PROBLEM: Each line of the entries, from the first to the line containing "#41=ORIENTED_EDGE('',*,*,#40,.F.);", is to be transcribed exactly as it stands; include no other lines.

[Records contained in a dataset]
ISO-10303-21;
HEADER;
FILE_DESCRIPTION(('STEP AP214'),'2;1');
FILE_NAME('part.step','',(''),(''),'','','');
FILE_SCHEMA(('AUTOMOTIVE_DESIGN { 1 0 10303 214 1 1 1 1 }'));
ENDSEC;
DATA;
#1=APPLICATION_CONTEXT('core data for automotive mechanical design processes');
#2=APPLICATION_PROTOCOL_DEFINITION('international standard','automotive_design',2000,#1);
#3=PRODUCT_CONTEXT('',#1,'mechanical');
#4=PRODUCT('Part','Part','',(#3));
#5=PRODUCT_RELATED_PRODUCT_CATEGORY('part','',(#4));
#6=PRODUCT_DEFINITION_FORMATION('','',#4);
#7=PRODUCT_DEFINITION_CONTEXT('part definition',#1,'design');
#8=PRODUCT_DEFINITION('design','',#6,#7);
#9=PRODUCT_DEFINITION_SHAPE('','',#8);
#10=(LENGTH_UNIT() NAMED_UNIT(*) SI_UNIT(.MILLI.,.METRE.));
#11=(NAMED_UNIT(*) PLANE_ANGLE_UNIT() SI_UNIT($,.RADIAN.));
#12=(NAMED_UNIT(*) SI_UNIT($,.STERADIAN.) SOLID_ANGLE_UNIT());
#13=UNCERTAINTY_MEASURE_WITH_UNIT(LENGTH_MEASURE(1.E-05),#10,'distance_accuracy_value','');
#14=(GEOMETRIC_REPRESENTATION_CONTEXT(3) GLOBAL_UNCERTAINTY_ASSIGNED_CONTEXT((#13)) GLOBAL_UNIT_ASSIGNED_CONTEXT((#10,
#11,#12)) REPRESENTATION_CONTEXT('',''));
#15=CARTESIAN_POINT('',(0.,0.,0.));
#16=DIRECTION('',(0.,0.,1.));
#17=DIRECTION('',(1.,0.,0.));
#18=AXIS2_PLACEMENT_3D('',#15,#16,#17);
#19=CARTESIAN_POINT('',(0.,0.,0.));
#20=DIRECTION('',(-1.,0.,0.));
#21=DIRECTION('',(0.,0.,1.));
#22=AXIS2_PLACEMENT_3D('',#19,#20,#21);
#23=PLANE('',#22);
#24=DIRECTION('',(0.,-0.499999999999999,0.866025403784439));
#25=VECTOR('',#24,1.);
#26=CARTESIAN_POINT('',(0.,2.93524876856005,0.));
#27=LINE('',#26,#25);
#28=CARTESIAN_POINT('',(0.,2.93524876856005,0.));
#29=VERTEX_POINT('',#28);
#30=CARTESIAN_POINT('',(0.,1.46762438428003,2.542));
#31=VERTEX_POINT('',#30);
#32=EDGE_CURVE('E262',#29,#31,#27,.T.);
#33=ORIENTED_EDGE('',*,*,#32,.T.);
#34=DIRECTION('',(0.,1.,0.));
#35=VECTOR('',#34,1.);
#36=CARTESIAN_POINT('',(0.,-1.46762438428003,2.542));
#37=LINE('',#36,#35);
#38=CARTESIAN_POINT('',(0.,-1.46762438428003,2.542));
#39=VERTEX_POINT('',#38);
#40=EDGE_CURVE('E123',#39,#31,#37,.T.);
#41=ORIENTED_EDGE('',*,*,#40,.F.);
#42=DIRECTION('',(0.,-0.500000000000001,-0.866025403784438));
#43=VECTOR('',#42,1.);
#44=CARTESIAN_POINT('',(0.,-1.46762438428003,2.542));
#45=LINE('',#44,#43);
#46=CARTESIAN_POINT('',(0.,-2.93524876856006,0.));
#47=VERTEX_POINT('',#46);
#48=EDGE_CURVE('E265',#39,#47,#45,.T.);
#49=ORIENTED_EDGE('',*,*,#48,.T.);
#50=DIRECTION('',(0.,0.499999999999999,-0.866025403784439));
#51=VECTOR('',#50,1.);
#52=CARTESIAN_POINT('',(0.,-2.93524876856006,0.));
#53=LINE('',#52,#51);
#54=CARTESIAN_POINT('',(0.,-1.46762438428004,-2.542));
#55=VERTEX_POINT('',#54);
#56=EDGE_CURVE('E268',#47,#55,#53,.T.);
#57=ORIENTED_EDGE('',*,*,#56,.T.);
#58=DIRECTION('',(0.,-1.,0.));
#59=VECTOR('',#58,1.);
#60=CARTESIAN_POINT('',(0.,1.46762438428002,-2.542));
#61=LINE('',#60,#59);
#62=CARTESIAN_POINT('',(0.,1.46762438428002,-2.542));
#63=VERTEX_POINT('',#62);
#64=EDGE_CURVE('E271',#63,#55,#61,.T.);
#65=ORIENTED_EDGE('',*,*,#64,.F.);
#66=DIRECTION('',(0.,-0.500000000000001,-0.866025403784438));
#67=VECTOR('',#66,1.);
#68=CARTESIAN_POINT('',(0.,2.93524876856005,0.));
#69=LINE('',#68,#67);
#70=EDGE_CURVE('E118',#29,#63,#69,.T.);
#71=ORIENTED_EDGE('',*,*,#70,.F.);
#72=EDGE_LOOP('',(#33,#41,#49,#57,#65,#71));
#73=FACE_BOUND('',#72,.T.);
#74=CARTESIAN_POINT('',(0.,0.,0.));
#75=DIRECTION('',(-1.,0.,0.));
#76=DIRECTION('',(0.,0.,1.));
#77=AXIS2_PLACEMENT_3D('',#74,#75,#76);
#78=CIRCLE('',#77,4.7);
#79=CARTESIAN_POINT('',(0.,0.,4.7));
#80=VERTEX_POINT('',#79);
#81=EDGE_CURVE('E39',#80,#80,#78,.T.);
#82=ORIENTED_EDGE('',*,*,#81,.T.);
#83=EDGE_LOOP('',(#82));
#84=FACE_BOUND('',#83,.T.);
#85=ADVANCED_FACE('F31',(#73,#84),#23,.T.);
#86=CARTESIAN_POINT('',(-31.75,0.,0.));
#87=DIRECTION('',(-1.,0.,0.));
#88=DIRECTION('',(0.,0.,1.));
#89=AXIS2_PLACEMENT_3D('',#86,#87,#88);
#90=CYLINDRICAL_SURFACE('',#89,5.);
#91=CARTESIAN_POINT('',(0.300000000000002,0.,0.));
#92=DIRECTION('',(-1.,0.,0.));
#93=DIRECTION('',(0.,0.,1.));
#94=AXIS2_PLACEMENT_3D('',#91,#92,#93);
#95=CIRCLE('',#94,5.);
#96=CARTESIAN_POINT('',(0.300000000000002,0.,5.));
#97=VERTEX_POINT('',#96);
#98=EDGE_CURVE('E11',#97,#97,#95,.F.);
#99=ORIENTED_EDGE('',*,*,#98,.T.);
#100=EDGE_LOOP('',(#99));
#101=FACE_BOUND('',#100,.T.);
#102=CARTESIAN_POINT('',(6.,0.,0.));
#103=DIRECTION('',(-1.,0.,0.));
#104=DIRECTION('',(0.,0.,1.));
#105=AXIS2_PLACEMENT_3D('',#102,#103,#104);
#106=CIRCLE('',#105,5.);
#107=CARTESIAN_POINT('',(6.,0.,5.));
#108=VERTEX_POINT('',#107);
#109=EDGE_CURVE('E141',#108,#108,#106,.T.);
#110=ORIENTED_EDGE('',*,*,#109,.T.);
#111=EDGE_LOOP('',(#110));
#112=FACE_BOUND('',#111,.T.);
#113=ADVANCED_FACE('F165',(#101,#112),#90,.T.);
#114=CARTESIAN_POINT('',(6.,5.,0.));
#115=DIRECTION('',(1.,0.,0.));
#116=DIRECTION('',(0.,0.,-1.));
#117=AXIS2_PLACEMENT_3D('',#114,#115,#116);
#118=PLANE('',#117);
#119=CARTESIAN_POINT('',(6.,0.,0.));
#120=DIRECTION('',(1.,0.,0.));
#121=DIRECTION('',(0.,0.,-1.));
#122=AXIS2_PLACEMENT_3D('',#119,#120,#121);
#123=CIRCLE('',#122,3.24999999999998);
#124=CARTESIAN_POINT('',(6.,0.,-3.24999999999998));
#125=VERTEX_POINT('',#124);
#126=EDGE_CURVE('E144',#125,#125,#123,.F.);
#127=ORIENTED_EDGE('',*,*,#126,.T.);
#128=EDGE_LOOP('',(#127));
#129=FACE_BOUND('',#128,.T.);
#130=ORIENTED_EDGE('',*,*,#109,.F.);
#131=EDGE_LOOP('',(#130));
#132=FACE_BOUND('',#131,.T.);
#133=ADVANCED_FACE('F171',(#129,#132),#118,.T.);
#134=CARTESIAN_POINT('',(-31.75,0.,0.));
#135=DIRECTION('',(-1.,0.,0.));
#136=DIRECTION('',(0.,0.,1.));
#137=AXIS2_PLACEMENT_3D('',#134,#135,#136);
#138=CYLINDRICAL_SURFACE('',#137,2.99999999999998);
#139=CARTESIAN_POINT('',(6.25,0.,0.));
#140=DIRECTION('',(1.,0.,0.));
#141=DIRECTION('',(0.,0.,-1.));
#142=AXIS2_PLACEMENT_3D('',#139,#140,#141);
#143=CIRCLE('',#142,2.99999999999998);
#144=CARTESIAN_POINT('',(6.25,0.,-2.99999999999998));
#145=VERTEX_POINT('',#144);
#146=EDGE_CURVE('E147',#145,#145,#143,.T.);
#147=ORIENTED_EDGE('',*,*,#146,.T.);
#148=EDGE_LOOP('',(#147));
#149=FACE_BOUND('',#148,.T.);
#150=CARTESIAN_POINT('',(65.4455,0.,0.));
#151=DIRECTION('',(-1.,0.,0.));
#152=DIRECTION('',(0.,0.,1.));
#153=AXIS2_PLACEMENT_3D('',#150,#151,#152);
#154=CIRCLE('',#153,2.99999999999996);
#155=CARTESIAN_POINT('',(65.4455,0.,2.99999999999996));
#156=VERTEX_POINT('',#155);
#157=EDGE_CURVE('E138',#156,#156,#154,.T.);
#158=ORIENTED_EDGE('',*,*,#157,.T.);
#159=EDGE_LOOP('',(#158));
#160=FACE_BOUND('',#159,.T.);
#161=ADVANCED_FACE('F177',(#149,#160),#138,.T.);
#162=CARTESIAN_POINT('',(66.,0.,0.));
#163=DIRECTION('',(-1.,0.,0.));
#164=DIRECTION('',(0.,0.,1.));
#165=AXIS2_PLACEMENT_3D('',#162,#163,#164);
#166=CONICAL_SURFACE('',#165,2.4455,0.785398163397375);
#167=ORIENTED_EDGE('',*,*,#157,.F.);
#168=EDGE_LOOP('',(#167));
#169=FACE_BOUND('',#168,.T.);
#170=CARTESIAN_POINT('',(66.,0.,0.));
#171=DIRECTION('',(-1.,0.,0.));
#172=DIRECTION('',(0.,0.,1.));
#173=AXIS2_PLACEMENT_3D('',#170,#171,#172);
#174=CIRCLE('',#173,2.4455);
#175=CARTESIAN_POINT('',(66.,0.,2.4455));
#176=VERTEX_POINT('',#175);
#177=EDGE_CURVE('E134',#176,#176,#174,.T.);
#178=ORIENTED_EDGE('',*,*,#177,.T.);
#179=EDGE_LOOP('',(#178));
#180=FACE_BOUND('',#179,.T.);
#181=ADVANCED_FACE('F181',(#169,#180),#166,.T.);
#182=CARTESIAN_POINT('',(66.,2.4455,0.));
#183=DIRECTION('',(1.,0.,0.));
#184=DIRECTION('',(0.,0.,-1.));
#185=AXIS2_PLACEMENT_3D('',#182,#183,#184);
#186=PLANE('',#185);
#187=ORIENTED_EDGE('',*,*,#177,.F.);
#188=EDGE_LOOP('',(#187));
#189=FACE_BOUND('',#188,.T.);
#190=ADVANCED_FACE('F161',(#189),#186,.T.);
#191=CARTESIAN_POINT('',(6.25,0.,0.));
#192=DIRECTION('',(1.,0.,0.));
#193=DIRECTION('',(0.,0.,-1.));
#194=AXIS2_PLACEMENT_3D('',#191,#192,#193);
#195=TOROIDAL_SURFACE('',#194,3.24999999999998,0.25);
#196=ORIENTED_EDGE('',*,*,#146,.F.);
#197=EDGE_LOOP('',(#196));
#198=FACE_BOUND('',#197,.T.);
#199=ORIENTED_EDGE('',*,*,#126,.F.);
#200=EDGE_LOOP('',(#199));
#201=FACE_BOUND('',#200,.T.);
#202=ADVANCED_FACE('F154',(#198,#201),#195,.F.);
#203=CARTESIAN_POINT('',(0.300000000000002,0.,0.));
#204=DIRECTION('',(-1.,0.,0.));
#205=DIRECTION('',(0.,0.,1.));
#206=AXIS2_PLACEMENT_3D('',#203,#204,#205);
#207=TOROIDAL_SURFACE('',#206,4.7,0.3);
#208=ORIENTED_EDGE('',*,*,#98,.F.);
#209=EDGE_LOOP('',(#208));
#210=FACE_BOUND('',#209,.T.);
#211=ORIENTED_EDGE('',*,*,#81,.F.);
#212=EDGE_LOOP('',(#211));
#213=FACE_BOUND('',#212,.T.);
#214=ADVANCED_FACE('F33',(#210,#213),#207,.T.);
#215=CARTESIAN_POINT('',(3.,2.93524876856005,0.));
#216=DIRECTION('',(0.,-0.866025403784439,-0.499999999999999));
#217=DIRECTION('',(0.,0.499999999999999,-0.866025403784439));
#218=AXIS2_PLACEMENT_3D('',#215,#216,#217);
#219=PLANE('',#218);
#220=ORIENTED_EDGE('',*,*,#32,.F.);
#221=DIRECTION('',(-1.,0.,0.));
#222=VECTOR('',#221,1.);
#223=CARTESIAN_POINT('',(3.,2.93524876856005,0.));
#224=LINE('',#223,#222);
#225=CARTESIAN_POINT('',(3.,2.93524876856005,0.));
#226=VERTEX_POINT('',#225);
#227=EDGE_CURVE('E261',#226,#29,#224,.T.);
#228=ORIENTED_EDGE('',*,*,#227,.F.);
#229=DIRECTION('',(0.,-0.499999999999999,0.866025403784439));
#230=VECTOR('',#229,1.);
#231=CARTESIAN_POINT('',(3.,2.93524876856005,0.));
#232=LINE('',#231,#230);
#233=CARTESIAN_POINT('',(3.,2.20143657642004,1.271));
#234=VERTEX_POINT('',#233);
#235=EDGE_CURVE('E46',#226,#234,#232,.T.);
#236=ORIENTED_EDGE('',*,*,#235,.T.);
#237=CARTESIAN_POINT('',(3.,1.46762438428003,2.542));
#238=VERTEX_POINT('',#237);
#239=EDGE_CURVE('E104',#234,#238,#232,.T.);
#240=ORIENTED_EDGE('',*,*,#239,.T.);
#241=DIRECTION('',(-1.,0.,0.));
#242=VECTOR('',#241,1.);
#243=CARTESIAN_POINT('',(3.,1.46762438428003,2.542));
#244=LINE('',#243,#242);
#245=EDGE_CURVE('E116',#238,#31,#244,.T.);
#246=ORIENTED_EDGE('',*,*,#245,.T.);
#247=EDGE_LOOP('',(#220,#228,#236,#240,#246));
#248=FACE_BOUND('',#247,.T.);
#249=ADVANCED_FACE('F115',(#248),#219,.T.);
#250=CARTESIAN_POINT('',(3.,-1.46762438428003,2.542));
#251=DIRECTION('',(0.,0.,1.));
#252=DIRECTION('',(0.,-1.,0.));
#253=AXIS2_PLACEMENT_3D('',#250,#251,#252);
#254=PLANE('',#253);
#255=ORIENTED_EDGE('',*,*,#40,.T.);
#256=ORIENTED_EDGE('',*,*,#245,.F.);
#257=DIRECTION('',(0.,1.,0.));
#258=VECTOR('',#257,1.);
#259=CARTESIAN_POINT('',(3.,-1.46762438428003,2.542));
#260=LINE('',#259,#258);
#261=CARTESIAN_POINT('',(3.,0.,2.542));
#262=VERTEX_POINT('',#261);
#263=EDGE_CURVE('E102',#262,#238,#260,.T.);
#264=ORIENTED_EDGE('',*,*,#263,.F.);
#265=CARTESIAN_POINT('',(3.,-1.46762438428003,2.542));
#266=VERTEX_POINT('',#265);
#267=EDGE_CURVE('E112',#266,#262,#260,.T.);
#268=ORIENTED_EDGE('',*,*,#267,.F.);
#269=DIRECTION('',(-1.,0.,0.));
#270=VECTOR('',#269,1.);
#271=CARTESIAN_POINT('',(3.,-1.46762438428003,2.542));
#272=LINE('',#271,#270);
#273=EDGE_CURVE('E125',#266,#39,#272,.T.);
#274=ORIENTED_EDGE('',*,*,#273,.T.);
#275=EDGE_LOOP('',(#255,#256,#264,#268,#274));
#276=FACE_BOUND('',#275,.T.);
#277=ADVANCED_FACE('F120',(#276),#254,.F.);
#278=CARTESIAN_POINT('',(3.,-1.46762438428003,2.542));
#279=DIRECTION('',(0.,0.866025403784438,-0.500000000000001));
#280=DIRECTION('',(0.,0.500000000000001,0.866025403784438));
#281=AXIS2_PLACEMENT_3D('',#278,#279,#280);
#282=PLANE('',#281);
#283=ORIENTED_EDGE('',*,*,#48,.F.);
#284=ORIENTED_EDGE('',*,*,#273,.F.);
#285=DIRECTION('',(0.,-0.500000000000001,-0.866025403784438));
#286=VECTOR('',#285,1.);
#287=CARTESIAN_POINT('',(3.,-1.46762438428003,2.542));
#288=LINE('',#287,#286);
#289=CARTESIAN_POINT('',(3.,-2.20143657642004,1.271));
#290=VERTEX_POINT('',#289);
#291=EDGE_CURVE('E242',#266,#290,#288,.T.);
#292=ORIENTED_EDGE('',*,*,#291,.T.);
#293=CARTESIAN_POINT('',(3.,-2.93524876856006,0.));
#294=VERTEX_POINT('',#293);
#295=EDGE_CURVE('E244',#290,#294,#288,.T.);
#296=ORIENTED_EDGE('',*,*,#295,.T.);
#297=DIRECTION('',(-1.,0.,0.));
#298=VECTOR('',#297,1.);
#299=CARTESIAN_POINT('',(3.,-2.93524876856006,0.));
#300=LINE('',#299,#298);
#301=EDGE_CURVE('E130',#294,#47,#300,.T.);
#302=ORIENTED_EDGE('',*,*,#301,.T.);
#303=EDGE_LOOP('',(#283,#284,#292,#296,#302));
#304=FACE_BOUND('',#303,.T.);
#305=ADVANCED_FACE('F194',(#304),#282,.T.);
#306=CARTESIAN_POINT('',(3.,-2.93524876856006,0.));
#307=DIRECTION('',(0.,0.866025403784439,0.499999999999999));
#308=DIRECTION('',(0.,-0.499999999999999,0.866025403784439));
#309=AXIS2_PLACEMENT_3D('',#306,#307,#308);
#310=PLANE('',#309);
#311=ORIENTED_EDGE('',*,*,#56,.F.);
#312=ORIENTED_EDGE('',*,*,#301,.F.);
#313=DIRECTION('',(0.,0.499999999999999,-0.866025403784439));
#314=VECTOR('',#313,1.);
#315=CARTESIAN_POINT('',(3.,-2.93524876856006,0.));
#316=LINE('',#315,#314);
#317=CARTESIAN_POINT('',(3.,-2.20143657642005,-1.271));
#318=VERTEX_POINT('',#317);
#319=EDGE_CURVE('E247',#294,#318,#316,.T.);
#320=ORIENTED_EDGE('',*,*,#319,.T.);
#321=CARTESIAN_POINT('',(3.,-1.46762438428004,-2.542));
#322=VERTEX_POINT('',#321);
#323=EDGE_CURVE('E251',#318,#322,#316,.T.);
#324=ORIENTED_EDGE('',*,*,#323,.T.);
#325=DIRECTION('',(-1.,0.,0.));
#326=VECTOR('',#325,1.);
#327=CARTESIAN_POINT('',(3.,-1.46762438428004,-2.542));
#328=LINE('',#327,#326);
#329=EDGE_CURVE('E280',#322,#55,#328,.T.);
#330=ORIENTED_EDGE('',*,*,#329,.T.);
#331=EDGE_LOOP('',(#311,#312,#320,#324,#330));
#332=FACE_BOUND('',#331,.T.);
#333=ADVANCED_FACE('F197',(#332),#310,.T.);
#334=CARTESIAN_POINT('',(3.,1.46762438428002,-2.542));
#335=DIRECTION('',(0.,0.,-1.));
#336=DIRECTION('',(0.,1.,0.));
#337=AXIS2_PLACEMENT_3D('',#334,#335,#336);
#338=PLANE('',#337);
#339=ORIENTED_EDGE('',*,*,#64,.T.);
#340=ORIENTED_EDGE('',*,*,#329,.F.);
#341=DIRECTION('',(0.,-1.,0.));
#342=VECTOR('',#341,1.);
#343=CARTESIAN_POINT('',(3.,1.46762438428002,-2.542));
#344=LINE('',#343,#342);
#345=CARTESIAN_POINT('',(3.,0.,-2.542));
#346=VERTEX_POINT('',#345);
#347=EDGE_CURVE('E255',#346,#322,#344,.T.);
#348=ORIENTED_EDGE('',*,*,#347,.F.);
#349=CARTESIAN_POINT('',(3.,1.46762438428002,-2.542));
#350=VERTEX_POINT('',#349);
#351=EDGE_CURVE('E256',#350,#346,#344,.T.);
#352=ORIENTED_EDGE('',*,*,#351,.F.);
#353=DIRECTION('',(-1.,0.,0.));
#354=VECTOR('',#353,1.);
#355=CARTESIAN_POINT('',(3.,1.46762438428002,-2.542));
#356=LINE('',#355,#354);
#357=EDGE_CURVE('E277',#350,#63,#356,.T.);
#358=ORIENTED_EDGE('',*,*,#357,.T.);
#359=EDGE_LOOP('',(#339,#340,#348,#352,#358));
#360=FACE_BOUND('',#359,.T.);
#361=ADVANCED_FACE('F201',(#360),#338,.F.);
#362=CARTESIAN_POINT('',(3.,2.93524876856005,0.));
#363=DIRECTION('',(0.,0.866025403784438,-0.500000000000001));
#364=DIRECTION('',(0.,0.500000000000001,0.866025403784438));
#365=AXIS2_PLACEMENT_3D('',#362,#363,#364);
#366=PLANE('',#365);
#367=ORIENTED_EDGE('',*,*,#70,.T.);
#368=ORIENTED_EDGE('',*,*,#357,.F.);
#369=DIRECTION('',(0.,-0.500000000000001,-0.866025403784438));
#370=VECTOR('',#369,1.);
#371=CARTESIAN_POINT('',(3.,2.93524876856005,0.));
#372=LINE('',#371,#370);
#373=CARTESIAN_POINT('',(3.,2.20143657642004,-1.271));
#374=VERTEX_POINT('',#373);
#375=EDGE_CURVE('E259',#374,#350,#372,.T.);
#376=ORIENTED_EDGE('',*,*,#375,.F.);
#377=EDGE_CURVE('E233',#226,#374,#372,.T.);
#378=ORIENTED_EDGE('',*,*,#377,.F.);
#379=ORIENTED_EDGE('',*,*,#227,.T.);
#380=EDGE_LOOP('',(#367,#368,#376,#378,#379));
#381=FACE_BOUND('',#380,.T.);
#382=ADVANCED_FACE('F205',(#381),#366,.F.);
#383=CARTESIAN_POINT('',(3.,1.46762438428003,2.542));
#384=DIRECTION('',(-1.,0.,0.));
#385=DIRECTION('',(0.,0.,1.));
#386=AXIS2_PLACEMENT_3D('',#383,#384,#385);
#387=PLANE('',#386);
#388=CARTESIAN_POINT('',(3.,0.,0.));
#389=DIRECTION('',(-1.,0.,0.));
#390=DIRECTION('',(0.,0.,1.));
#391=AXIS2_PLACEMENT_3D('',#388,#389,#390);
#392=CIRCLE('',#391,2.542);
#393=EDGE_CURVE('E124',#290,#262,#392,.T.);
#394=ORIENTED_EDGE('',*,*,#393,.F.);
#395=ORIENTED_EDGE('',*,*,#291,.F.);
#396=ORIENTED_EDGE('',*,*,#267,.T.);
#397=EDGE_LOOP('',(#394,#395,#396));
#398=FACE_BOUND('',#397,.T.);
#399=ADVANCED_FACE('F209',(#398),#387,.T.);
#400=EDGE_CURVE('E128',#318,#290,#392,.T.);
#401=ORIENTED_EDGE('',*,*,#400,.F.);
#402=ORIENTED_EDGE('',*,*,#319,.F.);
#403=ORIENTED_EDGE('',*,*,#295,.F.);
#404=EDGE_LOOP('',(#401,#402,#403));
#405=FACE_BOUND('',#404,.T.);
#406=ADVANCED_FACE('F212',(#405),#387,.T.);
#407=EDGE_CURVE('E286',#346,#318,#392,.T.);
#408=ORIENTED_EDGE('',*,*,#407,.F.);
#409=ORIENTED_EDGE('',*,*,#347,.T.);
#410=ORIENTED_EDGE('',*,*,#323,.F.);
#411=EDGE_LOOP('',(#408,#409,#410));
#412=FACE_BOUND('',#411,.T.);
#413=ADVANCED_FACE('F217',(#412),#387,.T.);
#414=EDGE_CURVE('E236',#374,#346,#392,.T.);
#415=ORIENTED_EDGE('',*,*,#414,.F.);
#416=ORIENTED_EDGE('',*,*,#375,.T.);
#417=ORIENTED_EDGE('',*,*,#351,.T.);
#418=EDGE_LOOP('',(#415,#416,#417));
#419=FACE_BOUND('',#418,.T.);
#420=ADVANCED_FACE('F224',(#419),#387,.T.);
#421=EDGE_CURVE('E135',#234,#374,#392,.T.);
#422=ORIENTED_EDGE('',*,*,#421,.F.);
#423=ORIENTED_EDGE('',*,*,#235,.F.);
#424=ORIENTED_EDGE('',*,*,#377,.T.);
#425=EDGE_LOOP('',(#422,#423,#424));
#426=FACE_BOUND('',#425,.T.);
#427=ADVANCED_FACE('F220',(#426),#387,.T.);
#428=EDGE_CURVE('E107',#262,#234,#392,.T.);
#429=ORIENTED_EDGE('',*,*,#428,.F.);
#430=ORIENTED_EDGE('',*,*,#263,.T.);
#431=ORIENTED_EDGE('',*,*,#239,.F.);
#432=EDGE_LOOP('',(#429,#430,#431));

WORKED SOLUTION:
ISO-10303-21;
HEADER;
FILE_DESCRIPTION(('STEP AP214'),'2;1');
FILE_NAME('part.step','',(''),(''),'','','');
FILE_SCHEMA(('AUTOMOTIVE_DESIGN { 1 0 10303 214 1 1 1 1 }'));
ENDSEC;
DATA;
#1=APPLICATION_CONTEXT('core data for automotive mechanical design processes');
#2=APPLICATION_PROTOCOL_DEFINITION('international standard','automotive_design',2000,#1);
#3=PRODUCT_CONTEXT('',#1,'mechanical');
#4=PRODUCT('Part','Part','',(#3));
#5=PRODUCT_RELATED_PRODUCT_CATEGORY('part','',(#4));
#6=PRODUCT_DEFINITION_FORMATION('','',#4);
#7=PRODUCT_DEFINITION_CONTEXT('part definition',#1,'design');
#8=PRODUCT_DEFINITION('design','',#6,#7);
#9=PRODUCT_DEFINITION_SHAPE('','',#8);
#10=(LENGTH_UNIT() NAMED_UNIT(*) SI_UNIT(.MILLI.,.METRE.));
#11=(NAMED_UNIT(*) PLANE_ANGLE_UNIT() SI_UNIT($,.RADIAN.));
#12=(NAMED_UNIT(*) SI_UNIT($,.STERADIAN.) SOLID_ANGLE_UNIT());
#13=UNCERTAINTY_MEASURE_WITH_UNIT(LENGTH_MEASURE(1.E-05),#10,'distance_accuracy_value','');
#14=(GEOMETRIC_REPRESENTATION_CONTEXT(3) GLOBAL_UNCERTAINTY_ASSIGNED_CONTEXT((#13)) GLOBAL_UNIT_ASSIGNED_CONTEXT((#10,
#11,#12)) REPRESENTATION_CONTEXT('',''));
#15=CARTESIAN_POINT('',(0.,0.,0.));
#16=DIRECTION('',(0.,0.,1.));
#17=DIRECTION('',(1.,0.,0.));
#18=AXIS2_PLACEMENT_3D('',#15,#16,#17);
#19=CARTESIAN_POINT('',(0.,0.,0.));
#20=DIRECTION('',(-1.,0.,0.));
#21=DIRECTION('',(0.,0.,1.));
#22=AXIS2_PLACEMENT_3D('',#19,#20,#21);
#23=PLANE('',#22);
#24=DIRECTION('',(0.,-0.499999999999999,0.866025403784439));
#25=VECTOR('',#24,1.);
#26=CARTESIAN_POINT('',(0.,2.93524876856005,0.));
#27=LINE('',#26,#25);
#28=CARTESIAN_POINT('',(0.,2.93524876856005,0.));
#29=VERTEX_POINT('',#28);
#30=CARTESIAN_POINT('',(0.,1.46762438428003,2.542));
#31=VERTEX_POINT('',#30);
#32=EDGE_CURVE('E262',#29,#31,#27,.T.);
#33=ORIENTED_EDGE('',*,*,#32,.T.);
#34=DIRECTION('',(0.,1.,0.));
#35=VECTOR('',#34,1.);
#36=CARTESIAN_POINT('',(0.,-1.46762438428003,2.542));
#37=LINE('',#36,#35);
#38=CARTESIAN_POINT('',(0.,-1.46762438428003,2.542));
#39=VERTEX_POINT('',#38);
#40=EDGE_CURVE('E123',#39,#31,#37,.T.);
#41=ORIENTED_EDGE('',*,*,#40,.F.);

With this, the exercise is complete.